EXERCISE PROMPT - Only lines holding the word "construction" are needed; copy each of them from the material.

DATA EXTRACTS -

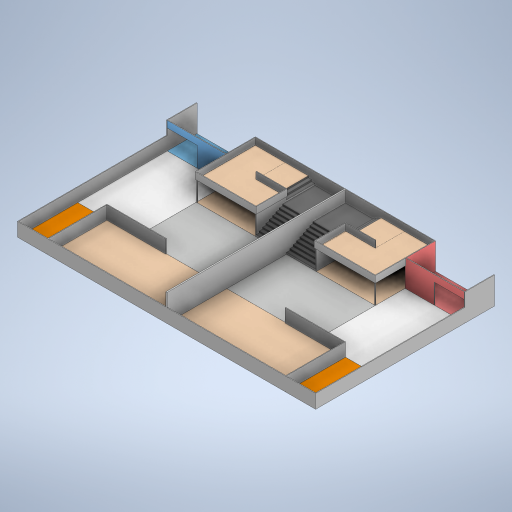
# Autodesk Inventor part: world
Saved by Autodesk Inventor 2024.1 (Build 281209000, 209)
## iProperties
Created: 2025-03-17
Part Number: world
Material: 一般
Document SubType Name: Modeling
Designer: hibik
Density: 1 g/cm^3
Appearance: 既定
Author: hibik
Autodesk Inventor part; units mm, degrees
ref_plane "YZ Plane" through (0, 0, 0) normal (1, 0, 0) x (0, 1, 0)
ref_plane "XZ Plane" through (0, 0, 0) normal (0, 1, 0) x (-1, 0, 0)
ref_plane "XY Plane" through (0, 0, 0) normal (0, 0, 1) x (1, 0, 0)
sketch "スケッチ1" plane through (0, 0, 0) normal (0, 1, 0) x (-1, 0, 0)
  line L0 (0, 0) -> (1800, 0)
  line L1 (1800, 0) -> (1800, 1800)
  line L2 (1800, 1800) -> (0, 1800) construction
  line L3 (0, 1800) -> (0, 0)
  line L4 (0, 1800) -> (1800, 1800) construction
  line L5 (1800, 1800) -> (1800, 3600)
  line L6 (1800, 3600) -> (0, 3600)
  line L7 (0, 3600) -> (0, 1800)
  line L8 (0, 3600) -> (900, 3600)
  line L9 (900, 3600) -> (900, 5400)
  line L10 (900, 5400) -> (0, 5400)
  line L11 (0, 5400) -> (0, 3600)
  line L12 (900, 5400) -> (4500, 5400)
  line L13 (4500, 5400) -> (4500, 3600)
  line L14 (4500, 3600) -> (900, 3600)
  line L15 (900, 3600) -> (900, 5400)
  line L16 (4500, 3600) -> (1800, 3600)
  line L17 (1800, 3600) -> (1800, 1800)
  line L18 (1800, 1800) -> (4500, 1800)
  line L19 (4500, 1800) -> (4500, 3600)
  line L20 (1800, 1800) -> (4500, 1800)
  line L21 (4500, 1800) -> (4500, 0)
  line L22 (4500, 0) -> (1800, 0)
  line L23 (1800, 0) -> (1800, 1800)
  line L24 (4500, 1800) -> (3600, 1800)
  line L25 (3600, 1800) -> (3600, 0)
  line L26 (3600, 0) -> (4500, 0)
  line L27 (4500, 0) -> (4500, 1800)
  line L28 (1800, 900) -> (0, 900)
  line L29 (1800, 899.9) -> (0, 899.9)
  line L30 (1799.9, 0) -> (1799.9, 899.9)
  line L31 (1800.1, 1800) -> (1800.1, 3600)
  line L32 (1800.1, 0) -> (1800.1, 1799.9)
  line L33 (1800.1, 1799.9) -> (3600, 1799.9)
  line L34 (1877.5864, 3600) -> (4500, 3600)
  line L35 (4500, 3600) -> (4500, 1864.0551)
  line L36 (3600, 1799.9) -> (4500, 1799.9)
  line L37 (4500, 3600.1) -> (0, 3600.1)
  line L38 (899.9, 3600.1) -> (899.9, 5400)
  point P0 (4500, 1800)
  point P1 (1800, 1799.9)
  point P2 (3600, 0)
  point P3 (900, 3600.1)
  dimension "d0" = 1800
  dimension "d1" = 1800
  dimension "d2" = 1800
  dimension "d3" = 1800
  dimension "d4" = 900
  dimension "d5" = 1800
  dimension "d6" = 3600
  dimension "d7" = 1800
  dimension "d8" = 900
  dimension "d9" = 1800
  dimension "d22" = 0.1
  dimension "d23" = 0.1
  dimension "d24" = 0.1
  dimension "d26" = 0.1
  dimension "d31" = 0.1
  dimension "d32" = 0.1
  dimension "d35" = 0.1
  dimension "d36" = 0.1
  constraints: 78 end point, 18 point on line, 15 parallel, 14 perpendicular, 7 horizontal, 2 midpoint
  measures "d0" distance of L2.end L1.end
  measures "d1" distance of L1.end L0.end
  measures "d2" distance of L6.end L5.end
  measures "d3" distance of L5.end L4.end
  measures "d4" distance of L10.end L9.end
  measures "d5" distance of L9.end L8.end
  measures "d6" distance of L13.end L14.end
  measures "d7" distance of L12.end L13.end
  measures "d8" distance of L26.end L25.end
  measures "d9" distance of L25.end L24.end
  measures "d22" distance between parallel lines of L29 L28
  measures "d23" distance between parallel lines of L30 L1
  measures "d24" distance between parallel lines of L5 L31
  measures "d26" distance between parallel lines of L18 L33
  measures "d31" distance between parallel lines of L32 L1
  measures "d32" distance between parallel lines of L24 L36
  measures "d35" distance between parallel lines of L8 L37
  measures "d36" distance between parallel lines of L9 L38
extrude "押し出し1" add sketch "スケッチ1" against normal blind 10 contours L3 L29 L30 L0
extrude "押し出し4" add sketch "スケッチ1" against normal blind 10 contours L32 L33 L25 L22 | L25 L36 L21 L22 | L9 L12 L13 L37
extrude "押し出し5" add sketch "スケッチ1" against normal blind 10 contours L3 L7 L6 L5 L1 L28
extrude "押し出し6" add sketch "スケッチ1" against normal blind 10 contours L31 L14 L19 L18
extrude "押し出し8" add sketch "スケッチ1" against normal blind 10 contours L11 L10 L38 L37
sketch "スケッチ4" plane through (0, 0, 0) normal (0, 1, 0) x (1, 0, 0)
  line L0 (-1800.1, -1799.9) -> (-1800.1, 0) projected
  line L1 (-1800.1, 0) -> (-4500, 0) projected
  line L2 (-4500, 0) -> (-4500, -1799.9) projected
  line L3 (-4500, -1799.9) -> (-1800.1, -1799.9) projected
  line L4 (-1800.1, -1799.9) -> (-1820.1, -1799.9)
  line L5 (-1820.1, -1799.9) -> (-1820.1, -1779.9)
  line L6 (-1820.1, -1779.9) -> (-1800.1, -1779.9)
  line L7 (-1800.1, -1779.9) -> (-1800.1, -1799.9)
  line L8 (-3600, -1799.9) -> (-3580, -1799.9)
  line L9 (-3580, -1799.9) -> (-3580, 0.1)
  line L10 (-3580, 0.1) -> (-3600, 0.1)
  line L11 (-3600, 0.1) -> (-3600, -1799.9)
  line L12 (-3600, -900) -> (-3580, -900)
  point P0 (0, 0)
  point P1 (-3600, 0)
  point P2 (-3580, 0)
  dimension "d41" = 20
  dimension "d42" = 20
  dimension "d43" = 20
  dimension "d44" = 1800
  dimension "d45" = 900
  dimension "d48" = 900
  constraints: 18 end point, 4 parallel, 3 perpendicular, 3 point on line, 2 horizontal
  measures "d41" distance of L5.end L6.end
  measures "d42" distance of L4.end L5.end
  measures "d43" distance of L10.end L9.end
  measures "d44" distance of L9.end L8.end
  measures "d45" distance between parallel lines of L2 L11
  measures "d48" distance between parallel lines of L1 L12
extrude "押し出し9" add sketch "スケッチ4" along normal blind 600 contours L3 L5 L6 L0 | L3 L11 L12 L9
sketch "スケッチ5" plane through (0, 600, 0) normal (0, 1, 0) x (1, 0, 0)
  line L0 (-3600, -900) -> (-3600, -1799.9) projected
  line L1 (-3580, -1799.9) -> (-1820.1, -1799.9) projected
  line L2 (-1800.1, -1800) -> (-4500, -1800) projected
  line L3 (-1800.1, -1779.9) -> (-1800.1, 0) projected
  line L4 (-3600, -1799.9) -> (-1800.1, -1799.9)
  line L5 (-1800.1, -1799.9) -> (-1800.1, 0)
  line L6 (-1800.1, 0) -> (-3600, 0)
  line L7 (-3600, 0) -> (-3600, -1799.9)
  line L8 (-3600, 0) -> (-2700, 0)
  line L9 (-2700, 0) -> (-2700, -900)
  line L10 (-2700, -900) -> (-3600, -900)
  line L11 (-3600, -900) -> (-3600, 0)
  point P0 (0, 0)
  dimension "d49" = 900
  dimension "d50" = 900
  constraints: 16 end point, 4 parallel, 2 horizontal, 2 perpendicular
  measures "d49" distance of L9.end L10.end
  measures "d50" distance of L8.end L9.end
extrude "押し出し10" add sketch "スケッチ5" against normal blind 5 contours L10 L9 L6 L3 L5 L4 L1 L0
sketch "スケッチ6" plane through (0, 0, 0) normal (0, 1, 0) x (1, 0, 0)
  line L0 (-1800.1, -1799.9) -> (-1800.1, 0) projected
  line L1 (0, 0) -> (-1799.9, 0) projected
  line L2 (-1799.9, 0) -> (-1779.9, 0)
  line L3 (-1779.9, 0) -> (-1779.9, -899.9)
  line L4 (-1779.9, -899.9) -> (-1799.9, -899.9)
  line L5 (-1799.9, -899.9) -> (-1799.9, 0)
  line L6 (-1799.9, -899.9) -> (0, -899.9) projected
  line L7 (0, -899.9) -> (0, 0) projected
  line L8 (0, 0) -> (-1799.9, 0) projected
  line L9 (-1799.9, 0) -> (-1799.9, -899.9) projected
  line L10 (-1799.9, -899.9) -> (-1799.9, 0) projected
  line L11 (0, -899.9) -> (-1779.9, -899.9)
  line L12 (-1779.9, -899.9) -> (-1779.9, -879.9)
  line L13 (-1779.9, -879.9) -> (0, -879.9)
  line L14 (0, -879.9) -> (0, -899.9)
  dimension "d53" = 20
  dimension "d54" = 20
  constraints: 16 end point, 4 parallel, 2 horizontal, 2 perpendicular, 1 point on line
  measures "d53" distance between parallel lines of L10 L3
  measures "d54" distance of L11.end L12.end
extrude "押し出し11" add sketch "スケッチ6" along normal blind 800 contours L3 L4 L5 L1 | L7 L6 L3 L13
sketch "スケッチ7" plane through (0, 600, 0) normal (0, 1, 0) x (1, 0, 0)
  line L0 (-1799.9, 0) -> (-1799.9, -899.9) projected
  line L1 (-3600, -1799.9) -> (-1800.1, -1799.9) projected
  line L2 (-1800.1, -1799.9) -> (-1800.1, 0) projected
  line L3 (-1800.1, 0) -> (-2700, 0) projected
  line L4 (-2700, 0) -> (-2700, -900) projected
  line L5 (-2700, -900) -> (-3600, -900) projected
  line L6 (-3600, -900) -> (-3600, -1799.9) projected
  line L7 (0, -899.9) -> (-1799.9, -899.9) projected
  line L8 (-1799.9, -899.9) -> (-1779.9, -899.9)
  line L9 (-1779.9, -899.9) -> (-1779.9, -1799.9)
  line L10 (-1779.9, -1799.9) -> (-1799.9, -1799.9)
  line L11 (-1799.9, -1799.9) -> (-1799.9, -899.9)
  line L12 (-1779.9, -879.9) -> (-1779.9, 0) projected
  line L13 (-1779.9, -1799.9) -> (-3620, -1799.9)
  line L14 (-3620, -1799.9) -> (-3620, -1819.9)
  line L15 (-3620, -1819.9) -> (-1779.9, -1819.9)
  line L16 (-1779.9, -1819.9) -> (-1779.9, -1799.9)
  line L17 (-3620, -1799.9) -> (-3600, -1799.9)
  line L18 (-3600, -1799.9) -> (-3600, -900)
  line L19 (-3600, -900) -> (-3620, -900)
  line L20 (-3620, -900) -> (-3620, -1799.9)
  line L21 (-2700, -900) -> (-3620, -900)
  line L22 (-3620, -900) -> (-3620, -880)
  line L23 (-3620, -880) -> (-2700, -880)
  line L24 (-2700, -880) -> (-2700, -900)
  line L25 (-1800.1, 0) -> (-4500, 0)
  line L26 (-4500, 0) -> (-4500, -20)
  line L27 (-4500, -20) -> (-1800.1, -20)
  line L28 (-1800.1, -20) -> (-1800.1, 0)
  line L29 (-4500, 0) -> (-4500, -1799.9) projected
  point P0 (0, 0)
  point P1 (-1800.1, -20)
  dimension "d57" = 20
  dimension "d58" = 20
  constraints: 40 end point, 10 parallel, 5 horizontal, 5 perpendicular, 2 collinear, 2 equal length, 2 point on line
  measures "d57" distance of L21.end L22.end
  measures "d58" distance between parallel lines of L20 L6
extrude "押し出し12" add sketch "スケッチ7" along normal blind 200 contours L13 L20 L19 L6 | L1 L13 L10 L16 L15 L14 | L19 L22 L23 L4 L5 | L27 L4 L3 L2 | L11 L7 L9 L10 | L27 L26 L25 L4
sketch "スケッチ8" plane through (0, 0, 0) normal (0, 1, 0) x (1, 0, 0)
  line L0 (-1800.1, -20) -> (-2700, -20) projected
  line L1 (-2700, -20) -> (-2700, -880) projected
  line L2 (-2700, -880) -> (-2700, -900) projected
  line L3 (-2700, -900) -> (-3600, -900) projected
  line L4 (-3600, -900) -> (-3600, -1799.9) projected
  line L5 (-3600, -1799.9) -> (-1800.1, -1799.9) projected
  line L6 (-1800.1, -1799.9) -> (-1800.1, -20) projected
  line L7 (-1820.1, -1799.9) -> (-1820.1, -1779.9) projected
  line L8 (-1820.1, -1779.9) -> (-1800.1, -1779.9) projected
  line L9 (-1800.1, -1779.9) -> (-1800.1, 0) projected
  line L10 (-1800.1, 0) -> (-4500, 0) projected
  line L11 (-4500, 0) -> (-4500, -1799.9) projected
  line L12 (-4500, -1799.9) -> (-3600, -1799.9) projected
  line L13 (-3600, -1799.9) -> (-3600, -900) projected
  line L14 (-3600, -900) -> (-3580, -900) projected
  line L15 (-3580, -900) -> (-3580, -1799.9) projected
  line L16 (-3580, -1799.9) -> (-1820.1, -1799.9) projected
  point P0 (0, 0)
extrude "押し出し13" add sketch "スケッチ8" along normal blind 450 contours L0 L1 L2 L3 L4 L12 L11 L10 L9
sketch "スケッチ9" plane through (-4500, -10, 0) normal (-1, 0, 0) x (0, 0, 1)
  line L0 (1800, 10) -> (3600, 10) projected
  line L1 (1800, 10) -> (1799.9, 60)
  line L2 (1799.9, 0) -> (1799.9, 460) projected
  line L3 (1699.9, 60) -> (1699.9, 110)
  line L4 (1699.9, 110) -> (1599.9, 110)
  line L5 (1599.9, 110) -> (1599.9, 160)
  line L6 (1599.9, 160) -> (1499.9, 160)
  line L7 (1499.9, 160) -> (1499.9, 210)
  line L8 (1499.9, 210) -> (1399.9, 210)
  line L9 (1399.9, 210) -> (1399.9, 260)
  line L10 (1399.9, 260) -> (1299.9, 260)
  line L11 (1299.9, 260) -> (1299.9, 310)
  line L12 (900, 460) -> (1799.9, 460) projected
  line L13 (1699.9, 60) -> (1799.9, 60)
  line L14 (1299.9, 310) -> (1199.9, 310)
  line L15 (1199.9, 310) -> (1199.9, 360)
  line L16 (1199.9, 360) -> (1099.9, 360)
  line L17 (1099.9, 360) -> (1099.9, 410)
  line L18 (1099.9, 410) -> (999.9, 410)
  line L19 (999.9, 410) -> (999.9, 460)
  line L20 (999.9, 460) -> (899.9, 460)
  point P0 (0, 10)
  dimension "d63" = 100
  dimension "d64" = 50
  dimension "d65" = 50
  constraints: 36 end point, 21 parallel, 6 perpendicular, 3 vertical, 2 horizontal, 1 point on line
  measures "d63" distance of L19.end L20.end
  measures "d64" distance of L18.end L19.end
  measures "d65" distance of L0.start L1.end
extrude "押し出し14" cut sketch "スケッチ9" against normal up to surface (900 mm away)
sketch "スケッチ10" plane through (0, 450, 0) normal (0, 1, 0) x (1, 0, 0)
  line L0 (-1800.1, -20) -> (-1800.1, 0) projected
  line L1 (-1800.1, 0) -> (-4500, 0) projected
  line L2 (-4500, 0) -> (-4500, -20) projected
  line L3 (-4500, -20) -> (-1800.1, -20) projected
  line L4 (-4500, -999.9) -> (-3600, -999.9) projected
  line L5 (-3600, -900) -> (-3600, -999.9) projected
  line L6 (-3580, -900) -> (-3600, -900) projected
  line L7 (-3580, -900) -> (-2700, -900) projected
  line L8 (-2700, -900) -> (-2700, -20) projected
  line L9 (-2700, -20) -> (-1800.1, -20) projected
  line L10 (-1800.1, -20) -> (-1800.1, 0) projected
  line L11 (-1800.1, 0) -> (-4500, 0) projected
  line L12 (-4500, 0) -> (-4500, -999.9) projected
  line L13 (-3600, -900) -> (-2700, -900)
  line L14 (-2700, -900) -> (-2700, -20)
  line L15 (-2700, -20) -> (-3600, -20)
  line L16 (-3600, -20) -> (-3600, -900)
  point P0 (0, 0)
  constraints: 8 end point, 2 parallel, 1 horizontal, 1 perpendicular
extrude "押し出し15" add sketch "スケッチ10" along normal up to surface (150 mm away) contours L3 L2 L1 L0 | L8 L7 L6 L16 L3
sketch "スケッチ11" plane through (-2700, 600, 880) normal (0, 0, -1) x (-1, 0, 0)
  line L0 (900, -150) -> (1800, -150) projected
  line L1 (1800, -150) -> (900, -150) projected
  line L2 (900, -150) -> (900, -100)
  line L3 (900, -100) -> (800, -100)
  line L4 (800, -100) -> (800, -50)
  line L5 (800, -50) -> (700, -50)
  line L6 (700, -50) -> (700, 0)
  line L7 (700, 0) -> (600, 0)
  line L8 (900, -200) -> (900, -150) projected
  line L9 (900, -250) -> (900, -200) projected
  line L10 (900, -300) -> (900, -250) projected
  line L11 (900, -350) -> (900, -300) projected
  line L12 (900, -400) -> (900, -350) projected
  line L13 (900, -450) -> (900, -400) projected
  line L14 (900, -500) -> (900, -450) projected
  line L15 (900, -550) -> (900, -500) projected
  line L16 (900, -550) -> (900, 0) projected
  line L17 (900, -150) -> (900, 0) projected
  line L18 (900, 0) -> (-899.9, 0) projected
  line L19 (0, 0) -> (900, 0) projected
  line L20 (0, 0) -> (900, 0) projected
  line L21 (900, 0) -> (-899.9, 0) projected
  point P0 (-2700, -600)
  point P1 (700, 0)
  dimension "d70" = 50
  dimension "d71" = 100
  constraints: 12 end point, 4 parallel, 3 perpendicular, 2 vertical, 1 horizontal
  measures "d70" distance of L1.end L2.end
  measures "d71" distance of L2.end L3.end
extrude "押し出し16" cut sketch "スケッチ11" along normal up to surface (860 mm away)
sketch "スケッチ12" plane through (0, 800, 0) normal (0, 1, 0) x (1, 0, 0)
  line L0 (0, 0) -> (-4500, 0)
  line L1 (-4500, 0) -> (-4500, -5400)
  line L2 (-4500, -5400) -> (0, -5400)
  line L3 (0, -5400) -> (0, 0)
  line L4 (-4480, 0) -> (-4480, -5400)
  line L5 (-20, 0) -> (-20, -5400)
  line L6 (-4500, -5380) -> (0, -5380)
  line L7 (-1800, -3600) -> (0, -3600) projected
  line L8 (-4500, -3600) -> (-1800.1, -3600) projected
  line L9 (-900, -5400) -> (-900, -3600.1) projected
  line L10 (-899.9, -5400) -> (-899.9, -3600.1) projected
  line L11 (-899.9, -3600.1) -> (-919.9, -3600.1)
  line L12 (-919.9, -3600.1) -> (-919.9, -5380)
  line L13 (-919.9, -5380) -> (-899.9, -5380)
  line L14 (-899.9, -5380) -> (-899.9, -3600.1)
  line L15 (-899.9, -3600.1) -> (-2699.9, -3600.1)
  line L16 (-2699.9, -3600.1) -> (-2699.9, -3620.1)
  line L17 (-2699.9, -3620.1) -> (-899.9, -3620.1)
  line L18 (-899.9, -3620.1) -> (-899.9, -3600.1)
  point P0 (-20, -5380)
  point P1 (-4480, -5380)
  point P2 (-919.9, -3620.1)
  point P3 (-900, -5380)
  dimension "d74" = 20
  dimension "d75" = 20
  dimension "d76" = 20
  dimension "d79" = 20
  dimension "d80" = 1800
  dimension "d81" = 20
  constraints: 30 end point, 6 parallel, 6 perpendicular, 6 point on line, 3 horizontal, 1 collinear
  measures "d74" distance between parallel lines of L2 L6
  measures "d75" distance between parallel lines of L3 L5
  measures "d76" distance between parallel lines of L1 L4
  measures "d79" distance of L13.end L12.end
  measures "d80" distance of L17.end L16.end
  measures "d81" distance of L16.end L15.end
extrude "押し出し17" add sketch "スケッチ12" against normal up to surface (800 mm away) contours L3 L7 L5 L0 | L3 L6 L5 L7 | L4 L8 L1 L0 | L3 L2 L5 L6 | L4 L6 L1 L8 | L5 L2 L10 L6 | L6 L9 L2 L4 | L4 L2 L1 L6 | L10 L2 L9 L6 | L12 L17 L9 L6 | L17 L16 L15 L12 | L12 L11 L9 L17
sketch "スケッチ13" plane through (0, 0, 0) normal (0, 1, 0) x (1, 0, 0)
  line L0 (-20, -879.9) -> (-920, -879.9)
  line L1 (-920, -879.9) -> (-920, -899.9)
  line L2 (-920, -899.9) -> (-20, -899.9)
  line L3 (-20, -899.9) -> (-20, -879.9)
  line L4 (-1779.9, -899.9) -> (-20, -899.9) projected
  point P0 (0, 0)
  dimension "d0" = 1800
  dimension "d1" = 1800
  dimension "d2" = 1800
  dimension "d3" = 1800
  dimension "d4" = 900
  dimension "d5" = 1800
  dimension "d6" = 3600
  dimension "d7" = 1800
  dimension "d8" = 900
  dimension "d9" = 1800
  dimension "d22" = 0.1
  dimension "d23" = 0.1
  dimension "d24" = 0.1
  dimension "d26" = 0.1
  dimension "d31" = 0.1
  dimension "d32" = 0.1
  dimension "d35" = 0.1
  dimension "d36" = 0.1
  dimension "d82" = 900
  constraints: 8 end point, 2 parallel, 1 collinear, 1 horizontal, 1 perpendicular
  measures "d82" distance of L2.end L1.end
extrude "押し出し18" cut sketch "スケッチ13" along normal blind 600
sketch "スケッチ14" plane through (0, -10, 0) normal (0, -1, 0) x (1, 0, 0)
  line L0 (-4500, 5400) -> (0, 5400) projected
  line L1 (-4500, 5400) -> (0, 5400)
  line L2 (0, 5400) -> (0, 0)
  line L3 (0, 0) -> (-4500, 0)
  line L4 (-4500, 0) -> (-4500, 5400)
  constraints: 8 end point, 2 parallel, 1 horizontal, 1 perpendicular
extrude "押し出し19" add sketch "スケッチ14" along normal mid plane 8
sketch "スケッチ15" plane through (0, 800, 0) normal (0, 1, 0) x (1, 0, 0)
  line L0 (-1779.9, -899.9) -> (-20, -899.9) projected
  line L1 (0, -5400) -> (0, 0) projected
  line L2 (0, -900) -> (-1800, -900) projected
  line L3 (0, -900) -> (-1779.9, -900)
  line L4 (-1779.9, -900) -> (-1779.9, -5400)
  line L5 (-1779.9, -5400) -> (0, -5400)
  line L6 (0, -5400) -> (0, -900)
  line L7 (-1779.9, -1819.9) -> (-1779.9, -899.9) projected
  line L8 (-4500, -5400) -> (0, -5400) projected
  line L9 (-4480, -5380) -> (-4480, -20) projected
  line L10 (0, -5400) -> (-4480, -5400)
  line L11 (-4480, -5400) -> (-4480, -3600.1)
  line L12 (-4480, -3600.1) -> (0, -3600.1)
  line L13 (0, -3600.1) -> (0, -5400)
  line L14 (-900, -3600.1) -> (-2699.9, -3600.1) projected
  point P0 (-9000, -5400)
  point P1 (-1779.9, -3600.1)
  constraints: 16 end point, 4 parallel, 3 collinear, 2 horizontal, 2 perpendicular, 1 point on line
extrude "押し出し20" cut sketch "スケッチ15" against normal blind 400
mirror "ミラー2" about plane through (-4500, 0, 3600) normal (-1, 0, 0)
equation "\"d58\" = d57"

REPLY TO THE TASK -
  line L2 (1800, 1800) -> (0, 1800) construction
  line L4 (0, 1800) -> (1800, 1800) construction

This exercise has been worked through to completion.